More specifically, given two or more data sets (e.g., different genes) studied on the same species, a concordance statistic [Kendall's *W* statistic: [52], [53]] is calculated among the distance matrices corresponding to the gene sequences or to the trees and tested against a distribution of permuted values to estimate the probability that the data correspond to the null hypothesis. CADM is an extension of the Mantel test of matrix correspondence, which can be used to test the null hypothesis of complete incongruence of the distance matrices (corresponding to all data sets or trees under study). As a complement to the p-value, the *W* statistic provides an estimate of the degree of congruence of two or more matrices on a scale between 0 (no congruence) and 1 (complete congruence). Note that when trees have identical topologies but different branch lengths, a statistical conclusion of partial congruence or even incongruence may be reached, depending on the level of differences among the distance matrices that cause differences in relative distance rankings. The test allows users to detect these two cases; thus, both topological and phylogenetic congruence can be tested with CADM (see the Methods section).

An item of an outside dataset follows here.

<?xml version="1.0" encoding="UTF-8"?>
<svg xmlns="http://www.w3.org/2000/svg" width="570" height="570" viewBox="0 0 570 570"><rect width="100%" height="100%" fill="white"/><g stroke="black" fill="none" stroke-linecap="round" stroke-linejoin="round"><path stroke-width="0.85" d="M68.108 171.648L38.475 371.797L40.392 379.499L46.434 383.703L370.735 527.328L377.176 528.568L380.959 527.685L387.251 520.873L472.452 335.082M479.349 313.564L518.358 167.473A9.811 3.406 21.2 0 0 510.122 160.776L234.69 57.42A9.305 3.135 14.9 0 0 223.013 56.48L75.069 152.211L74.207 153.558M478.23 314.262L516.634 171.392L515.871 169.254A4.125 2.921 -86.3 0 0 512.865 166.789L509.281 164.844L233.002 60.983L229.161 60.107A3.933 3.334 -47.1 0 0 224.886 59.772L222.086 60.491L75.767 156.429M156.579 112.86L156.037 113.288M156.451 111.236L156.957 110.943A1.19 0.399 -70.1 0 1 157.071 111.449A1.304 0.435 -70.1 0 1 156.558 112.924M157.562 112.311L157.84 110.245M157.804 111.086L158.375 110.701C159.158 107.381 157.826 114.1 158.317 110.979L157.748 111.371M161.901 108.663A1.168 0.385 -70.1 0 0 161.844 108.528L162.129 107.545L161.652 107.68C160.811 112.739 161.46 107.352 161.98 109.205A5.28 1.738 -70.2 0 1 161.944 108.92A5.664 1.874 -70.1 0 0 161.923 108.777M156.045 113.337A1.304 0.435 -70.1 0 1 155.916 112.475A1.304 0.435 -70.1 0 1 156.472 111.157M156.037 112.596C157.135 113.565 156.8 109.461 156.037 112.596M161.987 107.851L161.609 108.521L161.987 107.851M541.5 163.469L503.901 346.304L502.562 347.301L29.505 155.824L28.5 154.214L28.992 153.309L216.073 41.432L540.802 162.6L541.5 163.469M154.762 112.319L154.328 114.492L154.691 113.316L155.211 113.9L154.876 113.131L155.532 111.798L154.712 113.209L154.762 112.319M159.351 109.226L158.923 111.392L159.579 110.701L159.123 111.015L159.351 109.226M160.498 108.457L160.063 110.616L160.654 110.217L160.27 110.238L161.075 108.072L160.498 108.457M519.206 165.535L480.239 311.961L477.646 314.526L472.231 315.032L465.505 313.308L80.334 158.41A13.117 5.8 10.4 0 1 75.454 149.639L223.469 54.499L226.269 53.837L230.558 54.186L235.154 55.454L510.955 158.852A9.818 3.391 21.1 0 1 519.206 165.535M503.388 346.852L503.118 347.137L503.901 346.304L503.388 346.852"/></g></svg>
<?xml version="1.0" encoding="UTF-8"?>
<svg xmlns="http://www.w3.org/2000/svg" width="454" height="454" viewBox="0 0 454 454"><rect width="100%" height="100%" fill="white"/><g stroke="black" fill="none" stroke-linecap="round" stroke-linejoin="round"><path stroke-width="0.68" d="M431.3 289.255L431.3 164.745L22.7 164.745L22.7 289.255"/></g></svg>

*A posteriori* tests can be used to identify which data sets are congruent and to estimate their level of congruence. When the level of congruence among all distance matrices is low, researchers can decide to analyse the matrices separately or in subgroups. However, rejection of independence of the gene trees does not imply that inference of a tree from the combined data set is appropriate. In the case of partial congruence, phylogenetic network methods [48, 54], instead of traditional tree reconstruction methods, can be more appropriate to combine congruent data sets into a single analysis. Indeed, in these cases, evolutionary relationships may be better depicted as reticulated relationships. Additional tests or studies can also be performed to determine the causes underlying partial congruence [e.g., [55]]. Thus, with its null hypothesis (H_{0}) of complete incongruence of all trees, CADM differs from most other available phylogenetic tests of congruence/incongruence, which assume a common evolutionary history (H_{0}: congruence) and test the alternative hypothesis of different histories among the data sets (H_{1}: incongruence).

Previously published simulations have shown that the global and *a posteriori* CADM tests have a correct type I error rate and good power when applied to dissimilarity matrices computed from independently-generated raw data [50]. Identical results were obtained in simulations involving ultrametric distance matrices [56]. CADM has also been successfully used to detect congruence among phylogenetic trees obtained from different gene sequences [57]. In this paper, we expand on previous CADM simulations to assess the performance of the test when it is applied to phylogenetic trees. Specifically, the type I error rate and power of the global and *a posteriori* CADM tests were assessed using distance matrices obtained from nucleotide sequences simulated on additive trees under various phylogenetic conditions.